TV broadcasting organizations like the BBC (British Broadcasting Corporation) or the VRT (Flemish Radio and Television Broadcasting Organization) are making news broadcasts accessible to deaf people by overlaying a sign language interpreter on the screen. This creates a large amount of data where spoken language is interpreted into sign language. However, translating sign language to written Dutch is challenging due to the lack of examples and the lack of a one-to-one mapping between sign language and written language. In this chapter, we explore the problem of sign language recognition in TV news broadcasts and propose a model that aligns subtitles with sign language video fragments.
VRT news dataset
We collected a dataset of news videos with Flemish Sign Language interpreter overlays in collaboration with VRT. The dataset contains daily news broadcasts from September 2012 to July 2015, totaling 575 hours of usable and subtitled footage. The interpreter overlay is mixed with the background news broadcast, and there are four different interpreters and two different static backgrounds in the dataset.
Methodology
Our approach involves embedding the source sign language video fragments into a shared vector space using a convolutional neural network (CNN). We leverage an existing Word2Vec model trained on Dutch words to encode the target subtitles into the same vector space. We then calculate the matching scores between the source video fragments and the target words using dot products in the embedding vector space.
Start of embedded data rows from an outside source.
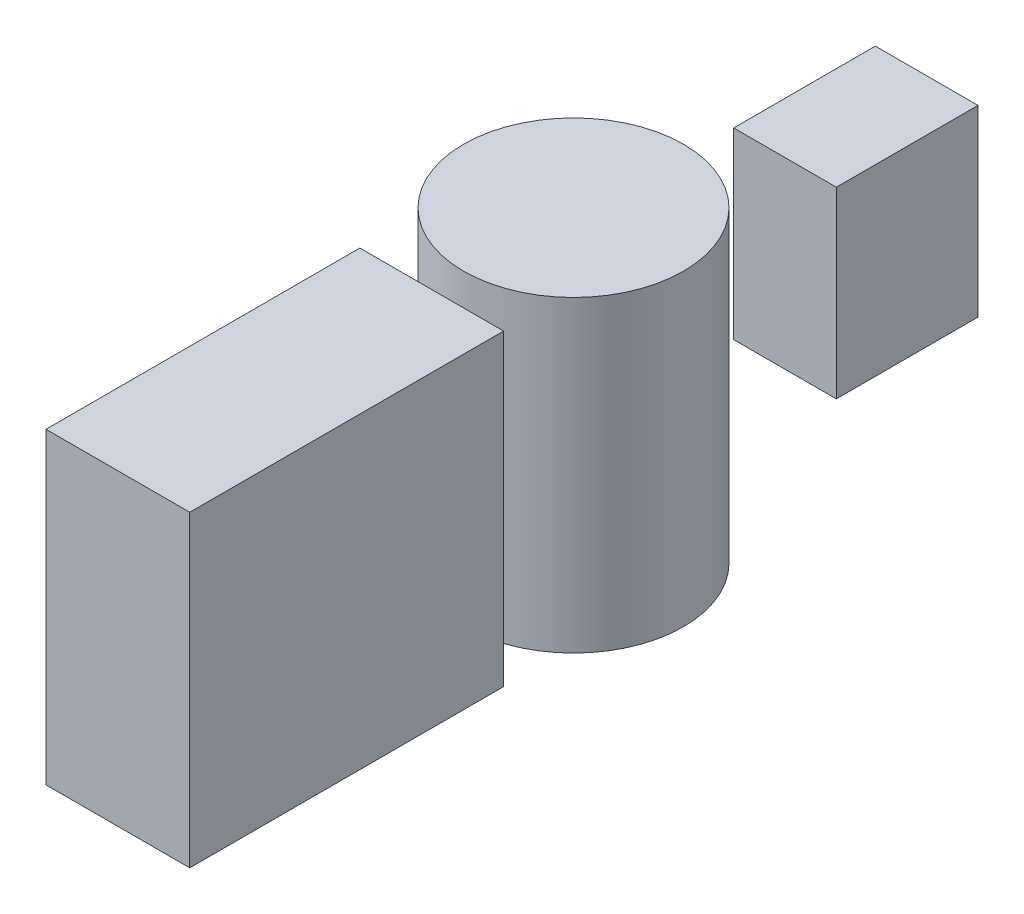
ISO-10303-21;
HEADER;
FILE_DESCRIPTION(('STEP AP214'),'2;1');
FILE_NAME('part.step','',(''),(''),'','','');
FILE_SCHEMA(('AUTOMOTIVE_DESIGN { 1 0 10303 214 1 1 1 1 }'));
ENDSEC;
DATA;
#1=APPLICATION_CONTEXT('core data for automotive mechanical design processes');
#2=APPLICATION_PROTOCOL_DEFINITION('international standard','automotive_design',2000,#1);
#3=PRODUCT_CONTEXT('',#1,'mechanical');
#4=PRODUCT('Part','Part','',(#3));
#5=PRODUCT_RELATED_PRODUCT_CATEGORY('part','',(#4));
#6=PRODUCT_DEFINITION_FORMATION('','',#4);
#7=PRODUCT_DEFINITION_CONTEXT('part definition',#1,'design');
#8=PRODUCT_DEFINITION('design','',#6,#7);
#9=PRODUCT_DEFINITION_SHAPE('','',#8);
#10=(LENGTH_UNIT() NAMED_UNIT(*) SI_UNIT(.MILLI.,.METRE.));
#11=(NAMED_UNIT(*) PLANE_ANGLE_UNIT() SI_UNIT($,.RADIAN.));
#12=(NAMED_UNIT(*) SI_UNIT($,.STERADIAN.) SOLID_ANGLE_UNIT());
#13=UNCERTAINTY_MEASURE_WITH_UNIT(LENGTH_MEASURE(1.E-05),#10,'distance_accuracy_value','');
#14=(GEOMETRIC_REPRESENTATION_CONTEXT(3) GLOBAL_UNCERTAINTY_ASSIGNED_CONTEXT((#13)) GLOBAL_UNIT_ASSIGNED_CONTEXT((#10,
#11,#12)) REPRESENTATION_CONTEXT('',''));
#15=CARTESIAN_POINT('',(0.,0.,0.));
#16=DIRECTION('',(0.,0.,1.));
#17=DIRECTION('',(1.,0.,0.));
#18=AXIS2_PLACEMENT_3D('',#15,#16,#17);
#19=CARTESIAN_POINT('',(17.7812438989782,38.1,35.0777546513712));
#20=DIRECTION('',(-1.,0.,0.));
#21=DIRECTION('',(0.,0.,1.));
#22=AXIS2_PLACEMENT_3D('',#19,#20,#21);
#23=PLANE('',#22);
#24=DIRECTION('',(0.,0.,-1.));
#25=VECTOR('',#24,1.);
#26=CARTESIAN_POINT('',(17.7812438989782,-38.1,35.0777546513712));
#27=LINE('',#26,#25);
#28=CARTESIAN_POINT('',(17.7812438989782,-38.1,112.735559546558));
#29=VERTEX_POINT('',#28);
#30=CARTESIAN_POINT('',(17.7812438989782,-38.1,35.0777546513712));
#31=VERTEX_POINT('',#30);
#32=EDGE_CURVE('E109',#29,#31,#27,.T.);
#33=ORIENTED_EDGE('',*,*,#32,.T.);
#34=DIRECTION('',(0.,-1.,0.));
#35=VECTOR('',#34,1.);
#36=CARTESIAN_POINT('',(17.7812438989782,38.1,35.0777546513712));
#37=LINE('',#36,#35);
#38=CARTESIAN_POINT('',(17.7812438989782,38.1,35.0777546513712));
#39=VERTEX_POINT('',#38);
#40=EDGE_CURVE('E12',#39,#31,#37,.T.);
#41=ORIENTED_EDGE('',*,*,#40,.F.);
#42=DIRECTION('',(0.,0.,-1.));
#43=VECTOR('',#42,1.);
#44=CARTESIAN_POINT('',(17.7812438989782,38.1,35.0777546513712));
#45=LINE('',#44,#43);
#46=CARTESIAN_POINT('',(17.7812438989782,38.1,112.735559546558));
#47=VERTEX_POINT('',#46);
#48=EDGE_CURVE('E97',#47,#39,#45,.T.);
#49=ORIENTED_EDGE('',*,*,#48,.F.);
#50=DIRECTION('',(0.,-1.,0.));
#51=VECTOR('',#50,1.);
#52=CARTESIAN_POINT('',(17.7812438989782,38.1,112.735559546558));
#53=LINE('',#52,#51);
#54=EDGE_CURVE('E105',#47,#29,#53,.T.);
#55=ORIENTED_EDGE('',*,*,#54,.T.);
#56=EDGE_LOOP('',(#33,#41,#49,#55));
#57=FACE_BOUND('',#56,.T.);
#58=ADVANCED_FACE('F46',(#57),#23,.F.);
#59=CARTESIAN_POINT('',(-17.7812438989781,38.1,35.0777546513712));
#60=DIRECTION('',(0.,0.,1.));
#61=DIRECTION('',(1.,0.,0.));
#62=AXIS2_PLACEMENT_3D('',#59,#60,#61);
#63=PLANE('',#62);
#64=DIRECTION('',(-1.,0.,0.));
#65=VECTOR('',#64,1.);
#66=CARTESIAN_POINT('',(-17.7812438989781,-38.1,35.0777546513712));
#67=LINE('',#66,#65);
#68=CARTESIAN_POINT('',(-17.7812438989781,-38.1,35.0777546513712));
#69=VERTEX_POINT('',#68);
#70=EDGE_CURVE('E101',#31,#69,#67,.T.);
#71=ORIENTED_EDGE('',*,*,#70,.T.);
#72=DIRECTION('',(0.,-1.,0.));
#73=VECTOR('',#72,1.);
#74=CARTESIAN_POINT('',(-17.7812438989781,38.1,35.0777546513712));
#75=LINE('',#74,#73);
#76=CARTESIAN_POINT('',(-17.7812438989781,38.1,35.0777546513712));
#77=VERTEX_POINT('',#76);
#78=EDGE_CURVE('E54',#77,#69,#75,.T.);
#79=ORIENTED_EDGE('',*,*,#78,.F.);
#80=DIRECTION('',(-1.,0.,0.));
#81=VECTOR('',#80,1.);
#82=CARTESIAN_POINT('',(-17.7812438989781,38.1,35.0777546513712));
#83=LINE('',#82,#81);
#84=EDGE_CURVE('E92',#39,#77,#83,.T.);
#85=ORIENTED_EDGE('',*,*,#84,.F.);
#86=ORIENTED_EDGE('',*,*,#40,.T.);
#87=EDGE_LOOP('',(#71,#79,#85,#86));
#88=FACE_BOUND('',#87,.T.);
#89=ADVANCED_FACE('F100',(#88),#63,.F.);
#90=CARTESIAN_POINT('',(-17.7812438989781,38.1,35.0777546513712));
#91=DIRECTION('',(1.,0.,0.));
#92=DIRECTION('',(0.,0.,-1.));
#93=AXIS2_PLACEMENT_3D('',#90,#91,#92);
#94=PLANE('',#93);
#95=DIRECTION('',(0.,0.,1.));
#96=VECTOR('',#95,1.);
#97=CARTESIAN_POINT('',(-17.7812438989781,-38.1,35.0777546513712));
#98=LINE('',#97,#96);
#99=CARTESIAN_POINT('',(-17.7812438989781,-38.1,112.735559546558));
#100=VERTEX_POINT('',#99);
#101=EDGE_CURVE('E79',#69,#100,#98,.T.);
#102=ORIENTED_EDGE('',*,*,#101,.T.);
#103=DIRECTION('',(0.,-1.,0.));
#104=VECTOR('',#103,1.);
#105=CARTESIAN_POINT('',(-17.7812438989781,38.1,112.735559546558));
#106=LINE('',#105,#104);
#107=CARTESIAN_POINT('',(-17.7812438989781,38.1,112.735559546558));
#108=VERTEX_POINT('',#107);
#109=EDGE_CURVE('E102',#108,#100,#106,.T.);
#110=ORIENTED_EDGE('',*,*,#109,.F.);
#111=DIRECTION('',(0.,0.,1.));
#112=VECTOR('',#111,1.);
#113=CARTESIAN_POINT('',(-17.7812438989781,38.1,35.0777546513712));
#114=LINE('',#113,#112);
#115=EDGE_CURVE('E95',#77,#108,#114,.T.);
#116=ORIENTED_EDGE('',*,*,#115,.F.);
#117=ORIENTED_EDGE('',*,*,#78,.T.);
#118=EDGE_LOOP('',(#102,#110,#116,#117));
#119=FACE_BOUND('',#118,.T.);
#120=ADVANCED_FACE('F103',(#119),#94,.F.);
#121=CARTESIAN_POINT('',(-17.7812438989781,38.1,112.735559546558));
#122=DIRECTION('',(0.,0.,-1.));
#123=DIRECTION('',(-1.,0.,0.));
#124=AXIS2_PLACEMENT_3D('',#121,#122,#123);
#125=PLANE('',#124);
#126=DIRECTION('',(1.,0.,0.));
#127=VECTOR('',#126,1.);
#128=CARTESIAN_POINT('',(-17.7812438989781,-38.1,112.735559546558));
#129=LINE('',#128,#127);
#130=EDGE_CURVE('E85',#100,#29,#129,.T.);
#131=ORIENTED_EDGE('',*,*,#130,.T.);
#132=ORIENTED_EDGE('',*,*,#54,.F.);
#133=DIRECTION('',(1.,0.,0.));
#134=VECTOR('',#133,1.);
#135=CARTESIAN_POINT('',(-17.7812438989781,38.1,112.735559546558));
#136=LINE('',#135,#134);
#137=EDGE_CURVE('E62',#108,#47,#136,.T.);
#138=ORIENTED_EDGE('',*,*,#137,.F.);
#139=ORIENTED_EDGE('',*,*,#109,.T.);
#140=EDGE_LOOP('',(#131,#132,#138,#139));
#141=FACE_BOUND('',#140,.T.);
#142=ADVANCED_FACE('F116',(#141),#125,.F.);
#143=CARTESIAN_POINT('',(0.,38.1,0.));
#144=DIRECTION('',(0.,1.,0.));
#145=DIRECTION('',(0.,0.,1.));
#146=AXIS2_PLACEMENT_3D('',#143,#144,#145);
#147=PLANE('',#146);
#148=ORIENTED_EDGE('',*,*,#48,.T.);
#149=ORIENTED_EDGE('',*,*,#84,.T.);
#150=ORIENTED_EDGE('',*,*,#115,.T.);
#151=ORIENTED_EDGE('',*,*,#137,.T.);
#152=EDGE_LOOP('',(#148,#149,#150,#151));
#153=FACE_BOUND('',#152,.T.);
#154=ADVANCED_FACE('F93',(#153),#147,.T.);
#155=CARTESIAN_POINT('',(0.,-38.1,0.));
#156=DIRECTION('',(0.,1.,0.));
#157=DIRECTION('',(0.,0.,1.));
#158=AXIS2_PLACEMENT_3D('',#155,#156,#157);
#159=PLANE('',#158);
#160=ORIENTED_EDGE('',*,*,#32,.F.);
#161=ORIENTED_EDGE('',*,*,#130,.F.);
#162=ORIENTED_EDGE('',*,*,#101,.F.);
#163=ORIENTED_EDGE('',*,*,#70,.F.);
#164=EDGE_LOOP('',(#160,#161,#162,#163));
#165=FACE_BOUND('',#164,.T.);
#166=ADVANCED_FACE('F119',(#165),#159,.F.);
#167=CLOSED_SHELL('',(#58,#89,#120,#142,#154,#166));
#168=MANIFOLD_SOLID_BREP('B2',#167);
#169=CARTESIAN_POINT('',(0.,38.1,0.));
#170=DIRECTION('',(0.,-1.,0.));
#171=DIRECTION('',(0.,0.,-1.));
#172=AXIS2_PLACEMENT_3D('',#169,#170,#171);
#173=CYLINDRICAL_SURFACE('',#172,27.2080201574377);
#174=CARTESIAN_POINT('',(0.,38.1,0.));
#175=DIRECTION('',(0.,1.,0.));
#176=DIRECTION('',(0.,0.,1.));
#177=AXIS2_PLACEMENT_3D('',#174,#175,#176);
#178=CIRCLE('',#177,27.2080201574377);
#179=CARTESIAN_POINT('',(0.,38.1,-27.2080201574377));
#180=VERTEX_POINT('',#179);
#181=EDGE_CURVE('E45',#180,#180,#178,.T.);
#182=CARTESIAN_POINT('',(0.,-38.1,0.));
#183=DIRECTION('',(0.,1.,0.));
#184=DIRECTION('',(0.,0.,1.));
#185=AXIS2_PLACEMENT_3D('',#182,#183,#184);
#186=CIRCLE('',#185,27.2080201574377);
#187=CARTESIAN_POINT('',(0.,-38.1,-27.2080201574377));
#188=VERTEX_POINT('',#187);
#189=EDGE_CURVE('E182',#188,#188,#186,.T.);
#190=CARTESIAN_POINT('',(0.,38.1,-27.2080201574377));
#191=CARTESIAN_POINT('',(0.,37.30625,-27.2080201574377));
#192=CARTESIAN_POINT('',(0.,36.5125,-27.2080201574377));
#193=CARTESIAN_POINT('',(0.,34.925,-27.2080201574377));
#194=CARTESIAN_POINT('',(0.,34.13125,-27.2080201574377));
#195=CARTESIAN_POINT('',(0.,32.54375,-27.2080201574377));
#196=CARTESIAN_POINT('',(0.,31.75,-27.2080201574377));
#197=CARTESIAN_POINT('',(0.,30.1625,-27.2080201574377));
#198=CARTESIAN_POINT('',(0.,29.36875,-27.2080201574377));
#199=CARTESIAN_POINT('',(0.,27.78125,-27.2080201574377));
#200=CARTESIAN_POINT('',(0.,26.9875,-27.2080201574377));
#201=CARTESIAN_POINT('',(0.,25.4,-27.2080201574377));
#202=CARTESIAN_POINT('',(0.,24.60625,-27.2080201574377));
#203=CARTESIAN_POINT('',(0.,23.01875,-27.2080201574377));
#204=CARTESIAN_POINT('',(0.,22.225,-27.2080201574377));
#205=CARTESIAN_POINT('',(0.,20.6375,-27.2080201574377));
#206=CARTESIAN_POINT('',(0.,19.84375,-27.2080201574377));
#207=CARTESIAN_POINT('',(0.,18.25625,-27.2080201574377));
#208=CARTESIAN_POINT('',(0.,17.4625,-27.2080201574377));
#209=CARTESIAN_POINT('',(0.,15.875,-27.2080201574377));
#210=CARTESIAN_POINT('',(0.,15.08125,-27.2080201574377));
#211=CARTESIAN_POINT('',(0.,13.49375,-27.2080201574377));
#212=CARTESIAN_POINT('',(0.,12.7,-27.2080201574377));
#213=CARTESIAN_POINT('',(0.,11.1125,-27.2080201574377));
#214=CARTESIAN_POINT('',(0.,10.31875,-27.2080201574377));
#215=CARTESIAN_POINT('',(0.,8.73124999999999,-27.2080201574377));
#216=CARTESIAN_POINT('',(0.,7.93749999999999,-27.2080201574377));
#217=CARTESIAN_POINT('',(0.,6.34999999999999,-27.2080201574377));
#218=CARTESIAN_POINT('',(0.,5.55625,-27.2080201574377));
#219=CARTESIAN_POINT('',(0.,3.96875,-27.2080201574377));
#220=CARTESIAN_POINT('',(0.,3.17499999999999,-27.2080201574377));
#221=CARTESIAN_POINT('',(0.,1.58749999999999,-27.2080201574377));
#222=CARTESIAN_POINT('',(0.,0.793749999999994,-27.2080201574377));
#223=CARTESIAN_POINT('',(0.,-0.793750000000007,-27.2080201574377));
#224=CARTESIAN_POINT('',(0.,-1.58750000000001,-27.2080201574377));
#225=CARTESIAN_POINT('',(0.,-3.17500000000001,-27.2080201574377));
#226=CARTESIAN_POINT('',(0.,-3.96875000000001,-27.2080201574377));
#227=CARTESIAN_POINT('',(0.,-5.55625000000001,-27.2080201574377));
#228=CARTESIAN_POINT('',(0.,-6.35000000000001,-27.2080201574377));
#229=CARTESIAN_POINT('',(0.,-7.93750000000001,-27.2080201574377));
#230=CARTESIAN_POINT('',(0.,-8.73125000000001,-27.2080201574377));
#231=CARTESIAN_POINT('',(0.,-10.31875,-27.2080201574377));
#232=CARTESIAN_POINT('',(0.,-11.1125,-27.2080201574377));
#233=CARTESIAN_POINT('',(0.,-12.7,-27.2080201574377));
#234=CARTESIAN_POINT('',(0.,-13.49375,-27.2080201574377));
#235=CARTESIAN_POINT('',(0.,-15.08125,-27.2080201574377));
#236=CARTESIAN_POINT('',(0.,-15.875,-27.2080201574377));
#237=CARTESIAN_POINT('',(0.,-17.4625,-27.2080201574377));
#238=CARTESIAN_POINT('',(0.,-18.25625,-27.2080201574377));
#239=CARTESIAN_POINT('',(0.,-19.84375,-27.2080201574377));
#240=CARTESIAN_POINT('',(0.,-20.6375,-27.2080201574377));
#241=CARTESIAN_POINT('',(0.,-22.225,-27.2080201574377));
#242=CARTESIAN_POINT('',(0.,-23.01875,-27.2080201574377));
#243=CARTESIAN_POINT('',(0.,-24.60625,-27.2080201574377));
#244=CARTESIAN_POINT('',(0.,-25.4,-27.2080201574377));
#245=CARTESIAN_POINT('',(0.,-26.9875,-27.2080201574377));
#246=CARTESIAN_POINT('',(0.,-27.78125,-27.2080201574377));
#247=CARTESIAN_POINT('',(0.,-29.36875,-27.2080201574377));
#248=CARTESIAN_POINT('',(0.,-30.1625,-27.2080201574377));
#249=CARTESIAN_POINT('',(0.,-31.75,-27.2080201574377));
#250=CARTESIAN_POINT('',(0.,-32.54375,-27.2080201574377));
#251=CARTESIAN_POINT('',(0.,-34.13125,-27.2080201574377));
#252=CARTESIAN_POINT('',(0.,-34.925,-27.2080201574377));
#253=CARTESIAN_POINT('',(0.,-36.5125,-27.2080201574377));
#254=CARTESIAN_POINT('',(0.,-37.30625,-27.2080201574377));
#255=CARTESIAN_POINT('',(0.,-38.1,-27.2080201574377));
#256=B_SPLINE_CURVE_WITH_KNOTS('',3,(#190,#191,#192,#193,#194,#195,#196,#197,#198,#199,#200,
#201,#202,#203,#204,#205,#206,#207,#208,#209,#210,#211,#212,#213,#214,#215,#216,#217,#218,#219,
#220,#221,#222,#223,#224,#225,#226,#227,#228,#229,#230,#231,#232,#233,#234,#235,#236,#237,#238,
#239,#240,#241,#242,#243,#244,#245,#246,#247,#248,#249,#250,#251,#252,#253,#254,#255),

To train the model, we employ a ranking-based objective that aims to maximize the similarity between the video representation and the target subtitles while minimizing the similarity with random subtitles.
Experiments
We preprocess the data by cropping the video frames, converting them to grayscale, and subtracting the previous frame to remove static information. We also filter and clean the subtitles, using a pretrained Word2Vec model for word embeddings. The dataset is split into training, validation, and test sets. We train the model using the Adam update rule and orthogonal weight initialization. The margin loss converges to around 0.9, and the accuracy of matching positive and negative targets reaches approximately 74%.
Results
The model shows promising results in predicting the general theme of the video fragments in some cases, with an estimated 25% rate of sensible results in terms of topic. The model also learns certain key points in the vector space, with specific neighboring words consistently emerging for different topics. However, the model’s performance is still far from achieving accurate translation between sign language and written Dutch.
Conclusion
We have developed a model that embeds sign language video fragments into a shared vector space with Dutch subtitles. While the model shows some ability to predict the topic of video fragments and learns specific patterns, the overall results are not yet at the level of accurate translation. Future improvements could involve hand tracking, using pretrained language models for encoding groups of words or sentences, incorporating sign language corpora in training, and exploring larger models.